RNN

Motivation

If our inputs and outputs are sequences, the structure of the DNN may vary due to different length of inputs and outputs. Also, traditional DNN may not abstract the temporary feature from the sequences. So, a new network which include information flow from previous states and share the weight in each single local structure may achieve our requirements.

Structure

BPTT

Implementation

Dataset Define

# Create dataset
nb_of_samples = 20
sequence_len = 10
# Create the sequences
X = np.zeros((nb_of_samples, sequence_len))
for row_idx in range(nb_of_samples):
    X[row_idx,:] = np.around(np.random.rand(sequence_len)).astype(int)
# Create the targets for each sequence
t = np.sum(X, axis=1)

forward

# Define the forward step functions
def update_state(xk, sk, wx, wRec):
    """
    Compute state k from the previous state (sk) and current input (xk),
    by use of the input weights (wx) and recursive weights (wRec).
    """
    return xk * wx + sk * wRec

def forward_states(X, wx, wRec):
    """
    Unfold the network and compute all state activations given the input X,
    and input weights (wx) and recursive weights (wRec).
    Return the state activations in a matrix, the last column S[:,-1] contains the
    final activations.
    """
    # Initialise the matrix that holds all states for all input sequences.
    # The initial state s0 is set to 0.
    S = np.zeros((X.shape[0], X.shape[1]+1))
    # Use the recurrence relation defined by update_state to update the 
    #  states trough time.
    for k in range(0, X.shape[1]):
        # S[k] = S[k-1] * wRec + X[k] * wx
        S[:,k+1] = update_state(X[:,k], S[:,k], wx, wRec)
    return S

def cost(y, t): 
    """
    Return the MSE between the targets t and the outputs y.
    """
    return ((t - y)**2).sum() / nb_of_samples

back-progapation

def output_gradient(y, t):
    """
    Compute the gradient of the MSE cost function with respect to the output y.
    """
    return 2.0 * (y - t) / nb_of_samples

def backward_gradient(X, S, grad_out, wRec):
    """
    Backpropagate the gradient computed at the output (grad_out) through the network.
    Accumulate the parameter gradients for wX and wRec by for each layer by addition.
    Return the parameter gradients as a tuple, and the gradients at the output of each layer.
    """
    # Initialise the array that stores the gradients of the cost with respect to the states.
    grad_over_time = np.zeros((X.shape[0], X.shape[1]+1))
    grad_over_time[:,-1] = grad_out
    # Set the gradient accumulations to 0
    wx_grad = 0
    wRec_grad = 0
    for k in range(X.shape[1], 0, -1):
        # Compute the parameter gradients and accumulate the results.
        wx_grad += np.sum(grad_over_time[:,k] * X[:,k-1])
        wRec_grad += np.sum(grad_over_time[:,k] * S[:,k-1])
        # Compute the gradient at the output of the previous layer
        grad_over_time[:,k-1] = grad_over_time[:,k] * wRec
    return (wx_grad, wRec_grad), grad_over_time

Problem

If you regard each layer in time flow as a layer in DNN, then the RNN somehow is a kind of DNN, while there’s an input in each layer.
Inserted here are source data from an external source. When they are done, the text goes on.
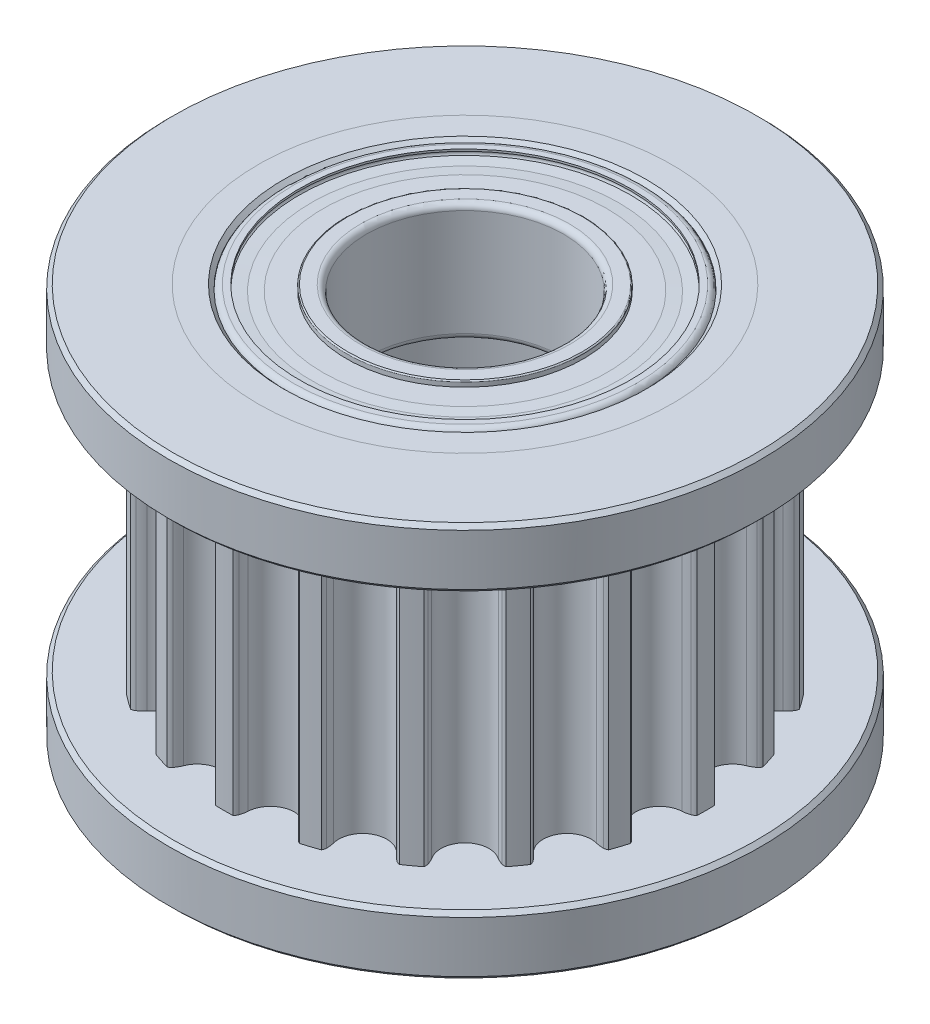
from build123d import *

# Parameters (mm, degrees)
ZKOSEN_1_SIZE            = 0.1
ZAOBLIT1_R               = 0.1
SKICA11_OUTSIDE_W        = 18.214
SKICA11_OUTSIDE_H        = 18.214
ODEBRAT_VYSUNUT_M1_DEPTH = 9.5
SKICA10_R                = 7.5
SKICA10_R_2              = 5.25
P_IDAT_VYSUNUT_M1_DEPTH  = 1.5
SKICA12_R                = 7.5
SKICA12_R_2              = 5.25
P_IDAT_VYSUNUT_M2_DEPTH  = 1.5
ZKOSEN_2_SIZE            = 0.1
ZKOSEN_3_SIZE            = 0.1
KRUHOV_POLE1_COUNT       = 8
KRUHOV_POLE3_COUNT       = 8


with BuildPart() as part:
    # Skica1 → Rotovat1 (revolve)
    with BuildSketch(Plane.XY):
        Polygon((4.5, 10), (5.25, 10), (5.25, 8.5), (6.11, 8.5), (6.11, 1.5), (5.25, 1.5), (5.25, 0), (4.5, 0), (4.5, 3), (3.5, 3), (3.5, 7), (4.5, 7), align=None)
    revolve(axis=Axis((0, 0, 0), (0, -1, 0)))

    # Zkosení1
    zkosen_1_edges = [part.edges().sort_by_distance(p)[0] for p in [
        (-3.5, 3, 0),
        (-4.5, 0, 0),
        (-4.5, 10, 0),
        (-3.5, 7, 0),
    ]]
    chamfer(zkosen_1_edges, length=ZKOSEN_1_SIZE)

    # Zaoblit1
    zaoblit1_edges = [part.edges().sort_by_distance(p)[0] for p in [
        (-4.5, 3, 0),
        (-4.5, 7, 0),
    ]]
    fillet(zaoblit1_edges, radius=ZAOBLIT1_R)

    # Skica11 outside → Odebrat vysunutím1 (cut, through all)
    with BuildSketch(Plane(origin=(0, 8.5, 0), x_dir=(1, 0, 0), z_dir=(0, 1, 0))):
        Rectangle(SKICA11_OUTSIDE_W, SKICA11_OUTSIDE_H)
        with BuildLine():
            ThreePointArc((-3.682382953, -4.525571141), (-3.762727315, -3.762727315), (-4.525571141, -3.682382953))
            ThreePointArc((-4.525571141, -3.682382953), (-4.610021183, -3.728793285), (-4.700326133, -3.762419831))
            ThreePointArc((-4.700326133, -3.762419831), (-4.754288274, -3.771323603), (-4.808820948, -3.767154999))
            ThreePointArc((-4.808820948, -3.767154999), (-4.942042114, -3.590603771), (-5.068784705, -3.409345583))
            ThreePointArc((-5.068784705, -3.409345583), (-5.05589776, -3.356193758), (-5.030754552, -3.307624129))
            ThreePointArc((-5.030754552, -3.307624129), (-4.970868041, -3.232130193), (-4.900632695, -3.166155011))
            ThreePointArc((-4.900632695, -3.166155011), (-4.741313017, -2.415819646), (-5.441992836, -2.103675911))
            ThreePointArc((-5.441992836, -2.103675911), (-5.53665118, -2.121718261), (-5.632927465, -2.125793243))
            ThreePointArc((-5.632927465, -2.125793243), (-5.686999927, -2.117586015), (-5.737575413, -2.096769914))
            ThreePointArc((-5.737575413, -2.096769914), (-5.809718941, -1.887692114), (-5.874246448, -1.676139718))
            ThreePointArc((-5.874246448, -1.676139718), (-5.845565418, -1.629571614), (-5.806643965, -1.591148831))
            ThreePointArc((-5.806643965, -1.591148831), (-5.7263596, -1.53785578), (-5.639174364, -1.496813569))
            ThreePointArc((-5.639174364, -1.496813569), (-5.255785967, -0.832434719), (-5.825714356, -0.319046414))
            ThreePointArc((-5.825714356, -0.319046414), (-5.921315183, -0.306954671), (-6.01413861, -0.281079202))
            ThreePointArc((-6.01413861, -0.281079202), (-6.063028405, -0.256564354), (-6.104696021, -0.221138381))
            ThreePointArc((-6.104696021, -0.221138381), (-6.1087, 0), (-6.104696021, 0.221138381))
            ThreePointArc((-6.104696021, 0.221138381), (-6.063028405, 0.256564354), (-6.01413861, 0.281079202))
            ThreePointArc((-6.01413861, 0.281079202), (-5.921315183, 0.306954671), (-5.825714356, 0.319046414))
            ThreePointArc((-5.825714356, 0.319046414), (-5.255785967, 0.832434719), (-5.639174364, 1.496813569))
            ThreePointArc((-5.639174364, 1.496813569), (-5.7263596, 1.53785578), (-5.806643965, 1.591148831))
            ThreePointArc((-5.806643965, 1.591148831), (-5.845565418, 1.629571614), (-5.874246448, 1.676139718))
            ThreePointArc((-5.874246448, 1.676139718), (-5.809718941, 1.887692114), (-5.737575413, 2.096769914))
            ThreePointArc((-5.737575413, 2.096769914), (-5.686999927, 2.117586015), (-5.632927465, 2.125793243))
            ThreePointArc((-5.632927465, 2.125793243), (-5.53665118, 2.121718261), (-5.441992836, 2.103675911))
            ThreePointArc((-5.441992836, 2.103675911), (-4.741313017, 2.415819646), (-4.900632695, 3.166155011))
            ThreePointArc((-4.900632695, 3.166155011), (-4.970868041, 3.232130193), (-5.030754552, 3.307624129))
            ThreePointArc((-5.030754552, 3.307624129), (-5.05589776, 3.356193758), (-5.068784705, 3.409345583))
            ThreePointArc((-5.068784705, 3.409345583), (-4.942042114, 3.590603771), (-4.808820948, 3.767154999))
            ThreePointArc((-4.808820948, 3.767154999), (-4.754288274, 3.771323603), (-4.700326133, 3.762419831))
            ThreePointArc((-4.700326133, 3.762419831), (-4.610021183, 3.728793285), (-4.525571141, 3.682382953))
            ThreePointArc((-4.525571141, 3.682382953), (-3.762727315, 3.762727315), (-3.682382953, 4.525571141))
            ThreePointArc((-3.682382953, 4.525571141), (-3.728793285, 4.610021183), (-3.762419831, 4.700326133))
            ThreePointArc((-3.762419831, 4.700326133), (-3.771323603, 4.754288274), (-3.767154999, 4.808820948))
            ThreePointArc((-3.767154999, 4.808820948), (-3.590603771, 4.942042114), (-3.409345583, 5.068784705))
            ThreePointArc((-3.409345583, 5.068784705), (-3.356193758, 5.05589776), (-3.307624129, 5.030754552))
            ThreePointArc((-3.307624129, 5.030754552), (-3.232130193, 4.970868041), (-3.166155011, 4.900632695))
            ThreePointArc((-3.166155011, 4.900632695), (-2.415819646, 4.741313017), (-2.103675911, 5.441992836))
            ThreePointArc((-2.103675911, 5.441992836), (-2.121718261, 5.53665118), (-2.125793243, 5.632927465))
            ThreePointArc((-2.125793243, 5.632927465), (-2.117586015, 5.686999927), (-2.096769914, 5.737575413))
            ThreePointArc((-2.096769914, 5.737575413), (-1.887692114, 5.809718941), (-1.676139718, 5.874246448))
            ThreePointArc((-1.676139718, 5.874246448), (-1.629571614, 5.845565418), (-1.591148831, 5.806643965))
            ThreePointArc((-1.591148831, 5.806643965), (-1.53785578, 5.7263596), (-1.496813569, 5.639174364))
            ThreePointArc((-1.496813569, 5.639174364), (-0.832434719, 5.255785967), (-0.319046414, 5.825714356))
            ThreePointArc((-0.319046414, 5.825714356), (-0.306954671, 5.921315183), (-0.281079202, 6.01413861))
            ThreePointArc((-0.281079202, 6.01413861), (-0.256564354, 6.063028405), (-0.221138381, 6.104696021))
            ThreePointArc((-0.221138381, 6.104696021), (0, 6.1087), (0.221138381, 6.104696021))
            ThreePointArc((0.221138381, 6.104696021), (0.256564354, 6.063028405), (0.281079202, 6.01413861))
            ThreePointArc((0.281079202, 6.01413861), (0.306954671, 5.921315183), (0.319046414, 5.825714356))
            ThreePointArc((0.319046414, 5.825714356), (0.832434719, 5.255785967), (1.496813569, 5.639174364))
            ThreePointArc((1.496813569, 5.639174364), (1.53785578, 5.7263596), (1.591148831, 5.806643965))
            ThreePointArc((1.591148831, 5.806643965), (1.629571614, 5.845565418), (1.676139718, 5.874246448))
            ThreePointArc((1.676139718, 5.874246448), (1.887692114, 5.809718941), (2.096769914, 5.737575413))
            ThreePointArc((2.096769914, 5.737575413), (2.117586015, 5.686999927), (2.125793243, 5.632927465))
            ThreePointArc((2.125793243, 5.632927465), (2.121718261, 5.53665118), (2.103675911, 5.441992836))
            ThreePointArc((2.103675911, 5.441992836), (2.415819646, 4.741313017), (3.166155011, 4.900632695))
            ThreePointArc((3.166155011, 4.900632695), (3.232130193, 4.970868041), (3.307624129, 5.030754552))
            ThreePointArc((3.307624129, 5.030754552), (3.356193758, 5.05589776), (3.409345583, 5.068784705))
            ThreePointArc((3.409345583, 5.068784705), (3.590603771, 4.942042114), (3.767154999, 4.808820948))
            ThreePointArc((3.767154999, 4.808820948), (3.771323603, 4.754288274), (3.762419831, 4.700326133))
            ThreePointArc((3.762419831, 4.700326133), (3.728793285, 4.610021183), (3.682382953, 4.525571141))
            ThreePointArc((3.682382953, 4.525571141), (3.762727315, 3.762727315), (4.525571141, 3.682382953))
            ThreePointArc((4.525571141, 3.682382953), (4.610021183, 3.728793285), (4.700326133, 3.762419831))
            ThreePointArc((4.700326133, 3.762419831), (4.754288273, 3.771323603), (4.808820948, 3.767154999))
            ThreePointArc((4.808820948, 3.767154999), (4.942042114, 3.590603771), (5.068784705, 3.409345583))
            ThreePointArc((5.068784705, 3.409345583), (5.05589776, 3.356193758), (5.030754552, 3.307624129))
            ThreePointArc((5.030754552, 3.307624129), (4.970868041, 3.232130193), (4.900632695, 3.166155011))
            ThreePointArc((4.900632695, 3.166155011), (4.741313017, 2.415819646), (5.441992836, 2.103675911))
            ThreePointArc((5.441992836, 2.103675911), (5.53665118, 2.121718261), (5.632927465, 2.125793243))
            ThreePointArc((5.632927465, 2.125793243), (5.686999927, 2.117586015), (5.737575413, 2.096769914))
            ThreePointArc((5.737575413, 2.096769914), (5.809718941, 1.887692114), (5.874246448, 1.676139718))
            ThreePointArc((5.874246448, 1.676139718), (5.845565418, 1.629571614), (5.806643965, 1.591148831))
            ThreePointArc((5.806643965, 1.591148831), (5.7263596, 1.53785578), (5.639174364, 1.496813569))
            ThreePointArc((5.639174364, 1.496813569), (5.255785967, 0.832434719), (5.825714356, 0.319046414))
            ThreePointArc((5.825714356, 0.319046414), (5.921315183, 0.306954671), (6.01413861, 0.281079202))
            ThreePointArc((6.01413861, 0.281079202), (6.063028405, 0.256564354), (6.104696021, 0.221138381))
            ThreePointArc((6.104696021, 0.221138381), (6.1087, 0), (6.104696021, -0.221138381))
            ThreePointArc((6.104696021, -0.221138381), (6.063028405, -0.256564354), (6.01413861, -0.281079202))
            ThreePointArc((6.01413861, -0.281079202), (5.921315183, -0.306954671), (5.825714356, -0.319046414))
            ThreePointArc((5.825714356, -0.319046414), (5.255785967, -0.832434719), (5.639174364, -1.496813569))
            ThreePointArc((5.639174364, -1.496813569), (5.7263596, -1.53785578), (5.806643965, -1.591148831))
            ThreePointArc((5.806643965, -1.591148831), (5.845565418, -1.629571614), (5.874246448, -1.676139718))
            ThreePointArc((5.874246448, -1.676139718), (5.809718941, -1.887692114), (5.737575413, -2.096769914))
            ThreePointArc((5.737575413, -2.096769914), (5.686999927, -2.117586015), (5.632927465, -2.125793243))
            ThreePointArc((5.632927465, -2.125793243), (5.53665118, -2.121718261), (5.441992836, -2.103675911))
            ThreePointArc((5.441992836, -2.103675911), (4.741313017, -2.415819646), (4.900632695, -3.166155011))
            ThreePointArc((4.900632695, -3.166155011), (4.970868041, -3.232130193), (5.030754552, -3.307624129))
            ThreePointArc((5.030754552, -3.307624129), (5.05589776, -3.356193758), (5.068784705, -3.409345583))
            ThreePointArc((5.068784705, -3.409345583), (4.942042114, -3.590603771), (4.808820948, -3.767154999))
            ThreePointArc((4.808820948, -3.767154999), (4.754288273, -3.771323603), (4.700326133, -3.762419831))
            ThreePointArc((4.700326133, -3.762419831), (4.610021183, -3.728793285), (4.525571141, -3.682382953))
            ThreePointArc((4.525571141, -3.682382953), (3.762727315, -3.762727315), (3.682382953, -4.525571141))
            ThreePointArc((3.682382953, -4.525571141), (3.728793285, -4.610021183), (3.762419831, -4.700326133))
            ThreePointArc((3.762419831, -4.700326133), (3.771323603, -4.754288274), (3.767154999, -4.808820948))
            ThreePointArc((3.767154999, -4.808820948), (3.590603771, -4.942042114), (3.409345583, -5.068784705))
            ThreePointArc((3.409345583, -5.068784705), (3.356193758, -5.05589776), (3.307624129, -5.030754552))
            ThreePointArc((3.307624129, -5.030754552), (3.232130193, -4.970868041), (3.166155011, -4.900632695))
            ThreePointArc((3.166155011, -4.900632695), (2.415819646, -4.741313017), (2.103675911, -5.441992836))
            ThreePointArc((2.103675911, -5.441992836), (2.121718261, -5.53665118), (2.125793243, -5.632927465))
            ThreePointArc((2.125793243, -5.632927465), (2.117586015, -5.686999927), (2.096769914, -5.737575413))
            ThreePointArc((2.096769914, -5.737575413), (1.887692114, -5.809718941), (1.676139718, -5.874246448))
            ThreePointArc((1.676139718, -5.874246448), (1.629571614, -5.845565418), (1.591148831, -5.806643965))
            ThreePointArc((1.591148831, -5.806643965), (1.53785578, -5.7263596), (1.496813569, -5.639174364))
            ThreePointArc((1.496813569, -5.639174364), (0.832434719, -5.255785967), (0.319046414, -5.825714356))
            ThreePointArc((0.319046414, -5.825714356), (0.306954671, -5.921315183), (0.281079202, -6.01413861))
            ThreePointArc((0.281079202, -6.01413861), (0.256564354, -6.063028405), (0.221138381, -6.104696021))
            ThreePointArc((0.221138381, -6.104696021), (0, -6.1087), (-0.221138381, -6.104696021))
            ThreePointArc((-0.221138381, -6.104696021), (-0.256564354, -6.063028405), (-0.281079202, -6.01413861))
            ThreePointArc((-0.281079202, -6.01413861), (-0.306954671, -5.921315183), (-0.319046414, -5.825714356))
            ThreePointArc((-0.319046414, -5.825714356), (-0.832434719, -5.255785967), (-1.496813569, -5.639174364))
            ThreePointArc((-1.496813569, -5.639174364), (-1.53785578, -5.7263596), (-1.591148831, -5.806643965))
            ThreePointArc((-1.591148831, -5.806643965), (-1.629571614, -5.845565418), (-1.676139718, -5.874246448))
            ThreePointArc((-1.676139718, -5.874246448), (-1.887692114, -5.809718941), (-2.096769914, -5.737575413))
            ThreePointArc((-2.096769914, -5.737575413), (-2.117586015, -5.686999927), (-2.125793243, -5.632927465))
            ThreePointArc((-2.125793243, -5.632927465), (-2.121718261, -5.53665118), (-2.103675911, -5.441992836))
            ThreePointArc((-2.103675911, -5.441992836), (-2.415819646, -4.741313017), (-3.166155011, -4.900632695))
            ThreePointArc((-3.166155011, -4.900632695), (-3.232130193, -4.970868041), (-3.307624129, -5.030754552))
            ThreePointArc((-3.307624129, -5.030754552), (-3.356193758, -5.05589776), (-3.409345583, -5.068784705))
            ThreePointArc((-3.409345583, -5.068784705), (-3.590603771, -4.942042114), (-3.767154999, -4.808820948))
            ThreePointArc((-3.767154999, -4.808820948), (-3.771323603, -4.754288274), (-3.762419831, -4.700326133))
            ThreePointArc((-3.762419831, -4.700326133), (-3.728793285, -4.610021183), (-3.682382953, -4.525571141))
        make_face(mode=Mode.SUBTRACT)
    extrude(amount=-ODEBRAT_VYSUNUT_M1_DEPTH, mode=Mode.SUBTRACT)


with BuildPart() as body_2:
    # Skica10 → Přidat vysunutím1 (new body)
    with BuildSketch(Plane(origin=(0, 10, 0), x_dir=(1, 0, 0), z_dir=(0, 1, 0))):
        Circle(SKICA10_R)
        Circle(SKICA10_R_2, mode=Mode.SUBTRACT)
    extrude(amount=-P_IDAT_VYSUNUT_M1_DEPTH)

    # Zkosení2
    zkosen_2_edges = [body_2.edges().sort_by_distance(p)[0] for p in [
        (-7.5, 10, 0),
        (-7.5, 8.5, 0),
    ]]
    chamfer(zkosen_2_edges, length=ZKOSEN_2_SIZE)


with BuildPart() as body_3:
    # Skica12 → Přidat vysunutím2 (new body)
    with BuildSketch(Plane.XZ):
        Circle(SKICA12_R)
        Circle(SKICA12_R_2, mode=Mode.SUBTRACT)
    extrude(amount=-P_IDAT_VYSUNUT_M2_DEPTH)

    # Zkosení3
    zkosen_3_edges = [body_3.edges().sort_by_distance(p)[0] for p in [
        (-7.5, 0, 0),
        (-7.5, 1.5, 0),
    ]]
    chamfer(zkosen_3_edges, length=ZKOSEN_3_SIZE)


with BuildPart() as body_4:
    # Skica4 → Rotovat2 (revolve)
    with BuildSketch(Plane.XY):
        with BuildLine():
            Line((4.5, 9.85), (4.5, 7.15))
            ThreePointArc((4.5, 7.15), (4.456066017, 7.043933983), (4.35, 7))
            Line((4.35, 7), (4.2, 7))
            Line((4.2, 7), (4.2, 7.05))
            ThreePointArc((4.2, 7.05), (4.289757174, 7.133393211), (4.213177928, 7.229030007))
            Line((4.213177928, 7.229030007), (3.85, 7.282786405))
            Line((3.85, 7.282786405), (3.85, 8.052786405))
            ThreePointArc((3.85, 8.052786405), (4.05, 8.5), (3.85, 8.947213595))
            Line((3.85, 8.947213595), (3.85, 9.717213595))
            Line((3.85, 9.717213595), (4.213177928, 9.770969993))
            ThreePointArc((4.213177928, 9.770969993), (4.289757174, 9.866606789), (4.2, 9.95))
            Line((4.2, 9.95), (4.2, 10))
            Line((4.2, 10), (4.35, 10))
            ThreePointArc((4.35, 10), (4.456066017, 9.956066017), (4.5, 9.85))
        make_face()
    revolve(axis=Axis((0, 0, 0), (0, 1, 0)))


with BuildPart() as body_5:
    # Skica5 → Rotovat3 (revolve)
    with BuildSketch(Plane.XY):
        with BuildLine():
            Line((2.5, 9.85), (2.5, 7.15))
            ThreePointArc((2.5, 7.15), (2.543933983, 7.043933983), (2.65, 7))
            Line((2.65, 7), (2.97, 7))
            ThreePointArc((2.97, 7), (2.991213203, 7.008786797), (3, 7.03))
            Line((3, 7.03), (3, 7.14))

The BP of RNN (BPTT) is very similar to BP in DNN. Thus, if the length of RNN is large enough, then BPTT may suffer from gradient explosion and gradient vanishing.

Solution

• gradient explosion:
  The clipping may solve the problem of explosion

• gradient vanishing:
  We may need modification of the traditional RNN structure. Thus, GRU and LSTM came into being.

LSTM

The chain rule results in vanishing, thus, if we change this structue into combination of sum terms.

The cell state in LSTM is linear combination of current state and previous state, which avoid the gradient vanishing.

GRU

The GRU simplifies the output and remove forget gate in LSTM.